• [Task statement]:
Keep each line of the material that includes "from", and leave out the rest.

• [Information supplied]:
- Opening Delimiter -

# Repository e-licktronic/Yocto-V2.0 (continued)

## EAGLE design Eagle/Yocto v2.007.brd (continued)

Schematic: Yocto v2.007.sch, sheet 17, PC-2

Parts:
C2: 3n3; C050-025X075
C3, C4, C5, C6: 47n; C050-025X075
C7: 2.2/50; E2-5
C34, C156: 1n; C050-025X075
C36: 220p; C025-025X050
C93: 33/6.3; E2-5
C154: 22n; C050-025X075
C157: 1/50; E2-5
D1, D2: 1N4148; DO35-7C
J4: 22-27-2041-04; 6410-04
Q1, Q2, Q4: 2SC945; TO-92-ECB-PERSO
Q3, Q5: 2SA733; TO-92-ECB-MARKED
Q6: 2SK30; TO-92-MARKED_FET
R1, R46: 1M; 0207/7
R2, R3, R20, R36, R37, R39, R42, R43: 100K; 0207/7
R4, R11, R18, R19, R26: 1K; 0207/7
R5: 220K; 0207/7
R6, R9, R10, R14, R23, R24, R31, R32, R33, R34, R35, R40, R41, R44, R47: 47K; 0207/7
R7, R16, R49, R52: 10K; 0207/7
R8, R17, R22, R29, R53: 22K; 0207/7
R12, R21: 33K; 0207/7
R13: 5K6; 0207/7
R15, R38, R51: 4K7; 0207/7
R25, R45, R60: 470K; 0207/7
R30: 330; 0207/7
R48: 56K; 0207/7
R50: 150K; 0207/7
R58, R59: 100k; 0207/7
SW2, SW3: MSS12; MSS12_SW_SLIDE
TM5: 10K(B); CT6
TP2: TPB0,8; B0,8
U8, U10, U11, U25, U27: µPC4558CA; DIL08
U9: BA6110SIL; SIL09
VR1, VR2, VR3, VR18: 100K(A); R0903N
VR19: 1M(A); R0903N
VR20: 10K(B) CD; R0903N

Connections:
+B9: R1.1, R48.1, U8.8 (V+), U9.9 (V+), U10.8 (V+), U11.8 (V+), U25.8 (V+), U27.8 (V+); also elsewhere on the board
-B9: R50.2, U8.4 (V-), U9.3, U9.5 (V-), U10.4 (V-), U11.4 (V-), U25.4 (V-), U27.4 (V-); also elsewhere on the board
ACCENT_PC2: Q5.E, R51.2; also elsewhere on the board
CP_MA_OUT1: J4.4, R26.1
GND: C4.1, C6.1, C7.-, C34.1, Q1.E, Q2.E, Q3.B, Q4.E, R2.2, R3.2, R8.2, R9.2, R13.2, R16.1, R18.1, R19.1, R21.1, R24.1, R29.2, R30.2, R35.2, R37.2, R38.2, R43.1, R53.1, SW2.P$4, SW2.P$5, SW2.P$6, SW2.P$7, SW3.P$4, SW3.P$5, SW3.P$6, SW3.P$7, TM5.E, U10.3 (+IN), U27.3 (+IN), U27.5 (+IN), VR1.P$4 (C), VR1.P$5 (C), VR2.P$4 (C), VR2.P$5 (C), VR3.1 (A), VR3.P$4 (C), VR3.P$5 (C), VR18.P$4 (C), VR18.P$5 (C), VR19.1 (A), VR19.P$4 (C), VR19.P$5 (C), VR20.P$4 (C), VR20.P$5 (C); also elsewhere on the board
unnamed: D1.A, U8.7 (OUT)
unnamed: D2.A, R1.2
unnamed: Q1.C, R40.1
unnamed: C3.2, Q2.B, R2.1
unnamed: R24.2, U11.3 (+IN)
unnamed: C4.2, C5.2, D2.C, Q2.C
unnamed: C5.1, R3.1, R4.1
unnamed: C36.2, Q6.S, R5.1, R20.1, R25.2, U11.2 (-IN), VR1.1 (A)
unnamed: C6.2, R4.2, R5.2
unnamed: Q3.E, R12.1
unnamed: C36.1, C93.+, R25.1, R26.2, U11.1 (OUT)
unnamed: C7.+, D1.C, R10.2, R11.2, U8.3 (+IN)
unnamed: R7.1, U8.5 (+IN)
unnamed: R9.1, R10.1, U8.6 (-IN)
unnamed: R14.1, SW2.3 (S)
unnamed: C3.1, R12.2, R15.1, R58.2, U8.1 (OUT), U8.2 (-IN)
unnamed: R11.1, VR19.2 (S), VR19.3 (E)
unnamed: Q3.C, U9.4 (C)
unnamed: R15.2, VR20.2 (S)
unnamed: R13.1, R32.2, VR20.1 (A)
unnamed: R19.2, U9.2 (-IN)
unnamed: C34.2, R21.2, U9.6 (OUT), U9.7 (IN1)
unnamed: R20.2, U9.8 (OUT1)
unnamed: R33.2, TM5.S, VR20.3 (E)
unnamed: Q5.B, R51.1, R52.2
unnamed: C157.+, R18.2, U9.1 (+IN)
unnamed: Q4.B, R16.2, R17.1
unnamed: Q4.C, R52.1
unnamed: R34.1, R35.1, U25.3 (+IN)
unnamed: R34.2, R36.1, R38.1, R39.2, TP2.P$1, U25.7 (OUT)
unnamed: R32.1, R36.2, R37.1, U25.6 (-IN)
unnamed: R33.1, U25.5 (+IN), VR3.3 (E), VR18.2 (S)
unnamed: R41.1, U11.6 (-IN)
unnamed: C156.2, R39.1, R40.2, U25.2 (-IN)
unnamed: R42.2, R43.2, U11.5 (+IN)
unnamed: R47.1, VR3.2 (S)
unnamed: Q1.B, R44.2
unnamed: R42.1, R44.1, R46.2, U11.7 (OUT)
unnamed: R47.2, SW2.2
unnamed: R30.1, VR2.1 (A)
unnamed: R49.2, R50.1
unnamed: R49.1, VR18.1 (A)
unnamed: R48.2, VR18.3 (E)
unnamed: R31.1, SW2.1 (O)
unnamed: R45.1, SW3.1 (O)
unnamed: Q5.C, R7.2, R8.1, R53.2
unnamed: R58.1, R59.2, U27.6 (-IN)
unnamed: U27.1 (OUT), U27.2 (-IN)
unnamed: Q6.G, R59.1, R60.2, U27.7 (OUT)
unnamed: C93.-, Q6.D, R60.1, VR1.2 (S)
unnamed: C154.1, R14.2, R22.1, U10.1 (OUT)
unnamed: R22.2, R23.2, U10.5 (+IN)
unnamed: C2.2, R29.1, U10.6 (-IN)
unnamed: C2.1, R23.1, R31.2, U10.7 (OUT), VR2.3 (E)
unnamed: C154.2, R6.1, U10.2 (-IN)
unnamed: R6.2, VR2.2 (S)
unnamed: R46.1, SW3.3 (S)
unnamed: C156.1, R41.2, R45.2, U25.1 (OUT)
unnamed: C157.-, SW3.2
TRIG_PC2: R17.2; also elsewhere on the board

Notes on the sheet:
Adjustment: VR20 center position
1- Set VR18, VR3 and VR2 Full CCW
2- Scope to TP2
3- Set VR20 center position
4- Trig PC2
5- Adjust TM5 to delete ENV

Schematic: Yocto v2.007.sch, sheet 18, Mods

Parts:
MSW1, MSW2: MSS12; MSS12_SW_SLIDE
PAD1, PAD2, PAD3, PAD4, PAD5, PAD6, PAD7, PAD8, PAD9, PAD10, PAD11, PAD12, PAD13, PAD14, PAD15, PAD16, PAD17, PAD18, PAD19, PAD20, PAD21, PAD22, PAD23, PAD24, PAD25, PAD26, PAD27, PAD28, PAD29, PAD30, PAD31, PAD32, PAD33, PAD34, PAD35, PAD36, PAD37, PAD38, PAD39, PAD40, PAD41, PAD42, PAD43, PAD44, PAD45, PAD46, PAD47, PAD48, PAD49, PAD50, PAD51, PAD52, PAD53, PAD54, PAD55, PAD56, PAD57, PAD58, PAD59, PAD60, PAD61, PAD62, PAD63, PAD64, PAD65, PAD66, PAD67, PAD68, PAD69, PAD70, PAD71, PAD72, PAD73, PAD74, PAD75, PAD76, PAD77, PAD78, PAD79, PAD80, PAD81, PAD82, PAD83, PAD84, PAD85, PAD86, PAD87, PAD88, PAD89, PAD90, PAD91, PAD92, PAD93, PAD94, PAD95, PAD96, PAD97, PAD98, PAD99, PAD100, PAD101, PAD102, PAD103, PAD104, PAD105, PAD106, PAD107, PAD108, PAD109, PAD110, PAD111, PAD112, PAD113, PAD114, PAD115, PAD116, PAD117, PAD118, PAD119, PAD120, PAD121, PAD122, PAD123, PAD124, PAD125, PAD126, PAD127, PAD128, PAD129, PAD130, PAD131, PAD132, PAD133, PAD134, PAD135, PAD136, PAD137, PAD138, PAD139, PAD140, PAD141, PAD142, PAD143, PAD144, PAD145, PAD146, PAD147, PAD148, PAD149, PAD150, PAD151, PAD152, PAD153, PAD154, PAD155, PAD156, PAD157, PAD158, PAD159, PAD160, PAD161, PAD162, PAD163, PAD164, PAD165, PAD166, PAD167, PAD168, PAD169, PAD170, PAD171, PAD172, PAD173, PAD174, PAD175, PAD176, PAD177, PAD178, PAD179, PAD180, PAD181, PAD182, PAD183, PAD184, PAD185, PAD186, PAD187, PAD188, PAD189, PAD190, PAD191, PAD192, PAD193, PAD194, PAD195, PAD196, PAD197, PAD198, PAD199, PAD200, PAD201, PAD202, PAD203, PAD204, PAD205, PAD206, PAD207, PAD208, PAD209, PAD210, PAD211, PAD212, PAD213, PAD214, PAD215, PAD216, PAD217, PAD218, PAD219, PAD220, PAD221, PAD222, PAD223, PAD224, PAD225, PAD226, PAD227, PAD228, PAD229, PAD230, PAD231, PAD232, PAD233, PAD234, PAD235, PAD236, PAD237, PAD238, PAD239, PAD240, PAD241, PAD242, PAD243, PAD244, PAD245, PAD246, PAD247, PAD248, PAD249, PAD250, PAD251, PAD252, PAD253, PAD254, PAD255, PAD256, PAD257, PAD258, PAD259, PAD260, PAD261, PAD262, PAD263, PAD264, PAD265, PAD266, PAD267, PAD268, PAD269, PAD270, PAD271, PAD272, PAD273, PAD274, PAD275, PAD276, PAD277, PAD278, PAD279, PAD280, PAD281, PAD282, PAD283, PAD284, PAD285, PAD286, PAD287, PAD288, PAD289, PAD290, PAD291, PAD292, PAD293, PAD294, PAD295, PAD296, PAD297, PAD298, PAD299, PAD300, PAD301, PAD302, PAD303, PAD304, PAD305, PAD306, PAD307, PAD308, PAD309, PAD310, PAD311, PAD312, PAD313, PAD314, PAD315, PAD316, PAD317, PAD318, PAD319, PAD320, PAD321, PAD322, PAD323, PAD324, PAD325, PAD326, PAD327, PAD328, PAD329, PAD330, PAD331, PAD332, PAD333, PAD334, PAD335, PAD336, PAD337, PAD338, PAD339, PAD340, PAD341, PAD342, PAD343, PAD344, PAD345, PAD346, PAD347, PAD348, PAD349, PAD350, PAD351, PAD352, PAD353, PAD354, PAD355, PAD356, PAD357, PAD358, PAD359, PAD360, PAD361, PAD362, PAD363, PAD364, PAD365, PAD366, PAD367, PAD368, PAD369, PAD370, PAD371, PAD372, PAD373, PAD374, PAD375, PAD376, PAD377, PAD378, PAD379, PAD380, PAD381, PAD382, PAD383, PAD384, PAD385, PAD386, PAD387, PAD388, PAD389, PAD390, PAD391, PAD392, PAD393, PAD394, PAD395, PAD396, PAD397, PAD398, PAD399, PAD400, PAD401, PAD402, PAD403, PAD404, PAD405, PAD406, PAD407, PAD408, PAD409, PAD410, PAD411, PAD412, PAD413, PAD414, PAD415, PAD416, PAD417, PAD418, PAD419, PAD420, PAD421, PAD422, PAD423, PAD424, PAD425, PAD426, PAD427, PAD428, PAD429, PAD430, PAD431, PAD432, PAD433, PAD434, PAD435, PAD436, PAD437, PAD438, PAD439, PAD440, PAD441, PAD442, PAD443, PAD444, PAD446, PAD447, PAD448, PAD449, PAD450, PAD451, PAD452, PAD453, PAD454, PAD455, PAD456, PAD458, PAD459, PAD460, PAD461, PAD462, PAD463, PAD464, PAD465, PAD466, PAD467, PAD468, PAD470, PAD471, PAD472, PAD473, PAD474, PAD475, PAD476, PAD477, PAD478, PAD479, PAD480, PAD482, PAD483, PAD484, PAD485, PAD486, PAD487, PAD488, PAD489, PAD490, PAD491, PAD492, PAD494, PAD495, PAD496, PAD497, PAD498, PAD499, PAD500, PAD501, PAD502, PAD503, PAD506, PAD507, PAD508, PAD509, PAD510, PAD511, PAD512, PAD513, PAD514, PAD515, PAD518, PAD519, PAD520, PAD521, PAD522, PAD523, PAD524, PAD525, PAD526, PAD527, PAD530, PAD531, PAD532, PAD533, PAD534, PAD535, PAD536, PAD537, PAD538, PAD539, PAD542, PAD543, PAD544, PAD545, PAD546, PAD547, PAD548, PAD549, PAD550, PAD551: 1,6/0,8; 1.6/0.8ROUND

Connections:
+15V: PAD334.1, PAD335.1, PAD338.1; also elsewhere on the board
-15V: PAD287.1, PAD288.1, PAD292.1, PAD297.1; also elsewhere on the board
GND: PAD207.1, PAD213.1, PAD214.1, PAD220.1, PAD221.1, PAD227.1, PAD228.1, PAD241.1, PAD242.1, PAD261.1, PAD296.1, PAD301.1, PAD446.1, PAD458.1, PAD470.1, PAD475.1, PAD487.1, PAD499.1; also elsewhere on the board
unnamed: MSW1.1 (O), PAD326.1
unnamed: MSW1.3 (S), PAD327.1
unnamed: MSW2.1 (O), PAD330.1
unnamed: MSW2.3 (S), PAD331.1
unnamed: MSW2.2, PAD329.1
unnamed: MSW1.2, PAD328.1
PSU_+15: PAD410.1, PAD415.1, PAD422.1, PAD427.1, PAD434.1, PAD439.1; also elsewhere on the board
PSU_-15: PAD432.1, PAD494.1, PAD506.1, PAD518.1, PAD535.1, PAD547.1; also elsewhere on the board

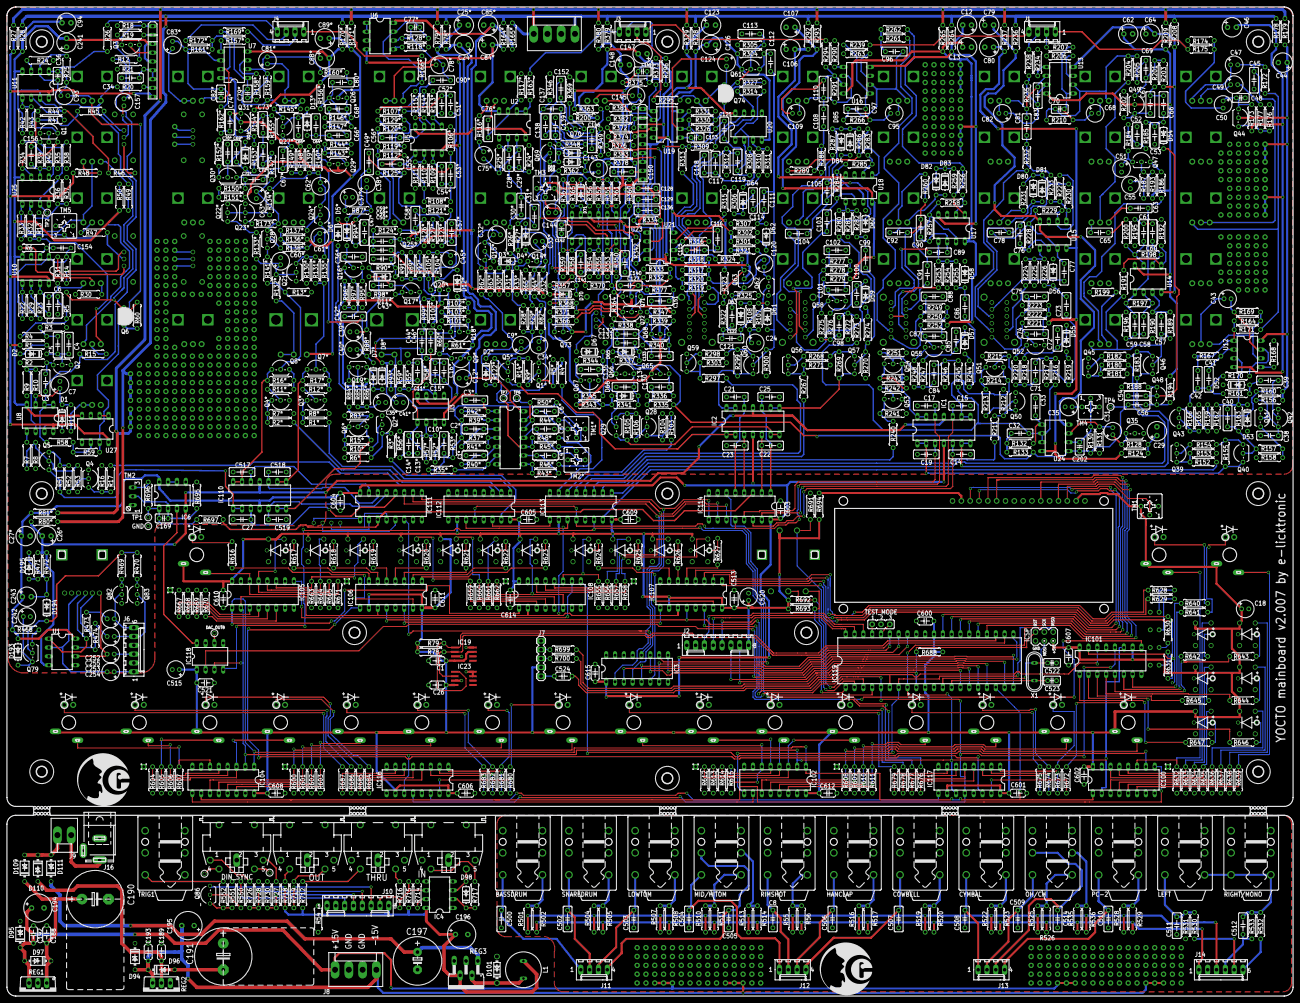
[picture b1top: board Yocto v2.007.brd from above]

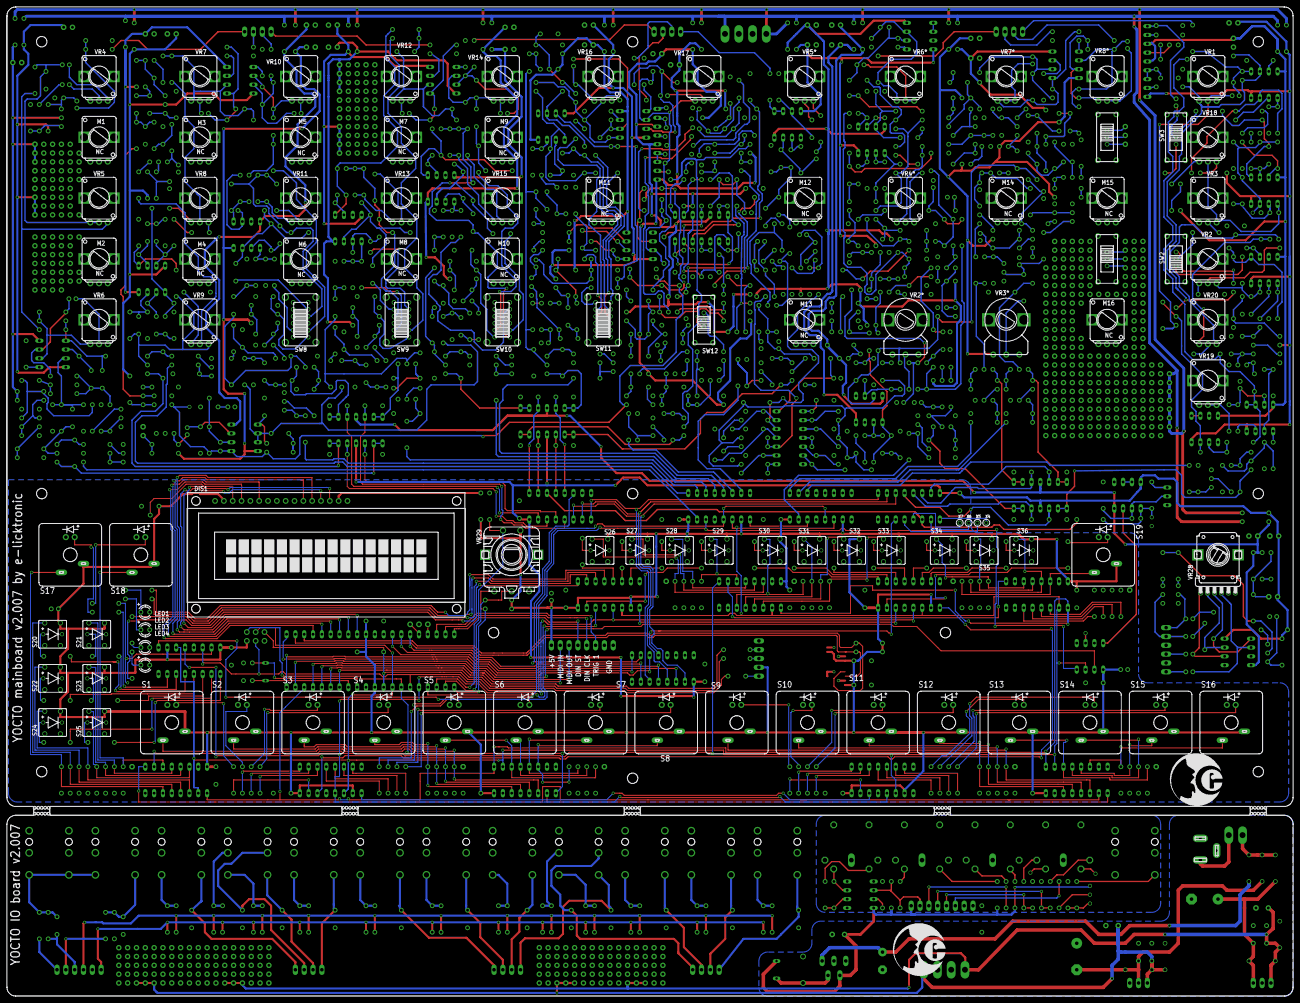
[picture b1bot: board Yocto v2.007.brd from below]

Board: 2 copper layers, 370.0 x 284.6 mm, 1765 parts (101 on the bottom side), 817 nets.

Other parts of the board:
U$1, U$13, U$14, U$15: LOGO_15MM_LITE
U$2, U$3, U$4, U$5, U$6, U$7, U$8, U$9, U$10, U$11, U$12: 3,0

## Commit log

2022-08-23 Create Eagle

- Closing Delimiter -

• [Answer to the exercise]:
[picture b1top: board Yocto v2.007.brd from above]
[picture b1bot: board Yocto v2.007.brd from below]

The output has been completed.